= Beginning of Section =

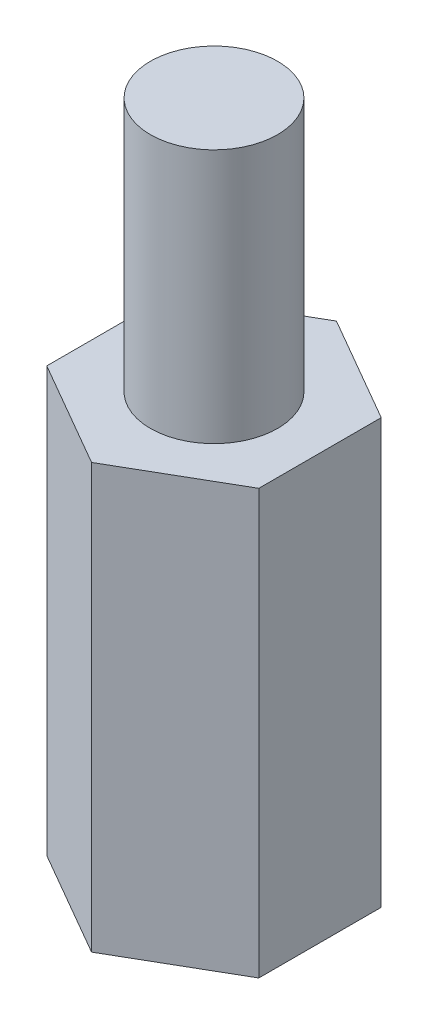
SolidWorks part; units mm, degrees
material "Brass"
ref_plane "Front Plane" through (0, 0, 0) normal (0, 0, 1) x (1, 0, 0)
ref_plane "Top Plane" through (0, 0, 0) normal (0, 1, 0) x (1, 0, 0)
ref_plane "Right Plane" through (0, 0, 0) normal (1, 0, 0) x (0, 0, -1)
sketch "Sketch1" plane through (0, 0, 0) normal (0, 1, 0) x (1, 0, 0)
  line L0 (0, 2.8868) -> (0, 0) construction
  line L1 (2.5, -1.4434) -> (2.5, 1.4434)
  line L2 (2.5, 1.4434) -> (0, 2.8868)
  line L3 (0, 2.8868) -> (-2.5, 1.4434)
  line L4 (-2.5, 1.4434) -> (-2.5, -1.4434)
  line L5 (-2.5, -1.4434) -> (0, -2.8868)
  line L6 (0, -2.8868) -> (2.5, -1.4434)
  circle A0 centre (0, 0) radius 2.5 construction
  dimension "D1" = 5
extrude "Boss-Extrude1" add sketch "Sketch1" along normal blind 10
sketch "Sketch2" plane through (0, 10, 0) normal (0, 1, 0) x (1, 0, 0)
  circle A0 centre (0, 0) radius 1.5
  dimension "D1" = 3
extrude "Boss-Extrude2" add sketch "Sketch2" along normal blind 6
sketch "Sketch3" plane through (0, 0, 0) normal (0, -1, 0) x (1, 0, 0)
  circle A0 centre (0, 0) radius 1.35
  dimension "D1" = 2.7
extrude "Cut-Extrude1" cut sketch "Sketch3" against normal blind 6

= End of Section =

- [Your assignment]: All entries are to be retyped exactly. Omit any embedded images.

- [Answer below]:
SolidWorks part; units mm, degrees
material "Brass"
ref_plane "Front Plane" through (0, 0, 0) normal (0, 0, 1) x (1, 0, 0)
ref_plane "Top Plane" through (0, 0, 0) normal (0, 1, 0) x (1, 0, 0)
ref_plane "Right Plane" through (0, 0, 0) normal (1, 0, 0) x (0, 0, -1)
sketch "Sketch1" plane through (0, 0, 0) normal (0, 1, 0) x (1, 0, 0)
  line L0 (0, 2.8868) -> (0, 0) construction
  line L1 (2.5, -1.4434) -> (2.5, 1.4434)
  line L2 (2.5, 1.4434) -> (0, 2.8868)
  line L3 (0, 2.8868) -> (-2.5, 1.4434)
  line L4 (-2.5, 1.4434) -> (-2.5, -1.4434)
  line L5 (-2.5, -1.4434) -> (0, -2.8868)
  line L6 (0, -2.8868) -> (2.5, -1.4434)
  circle A0 centre (0, 0) radius 2.5 construction
  dimension "D1" = 5
extrude "Boss-Extrude1" add sketch "Sketch1" along normal blind 10
sketch "Sketch2" plane through (0, 10, 0) normal (0, 1, 0) x (1, 0, 0)
  circle A0 centre (0, 0) radius 1.5
  dimension "D1" = 3
extrude "Boss-Extrude2" add sketch "Sketch2" along normal blind 6
sketch "Sketch3" plane through (0, 0, 0) normal (0, -1, 0) x (1, 0, 0)
  circle A0 centre (0, 0) radius 1.35
  dimension "D1" = 2.7
extrude "Cut-Extrude1" cut sketch "Sketch3" against normal blind 6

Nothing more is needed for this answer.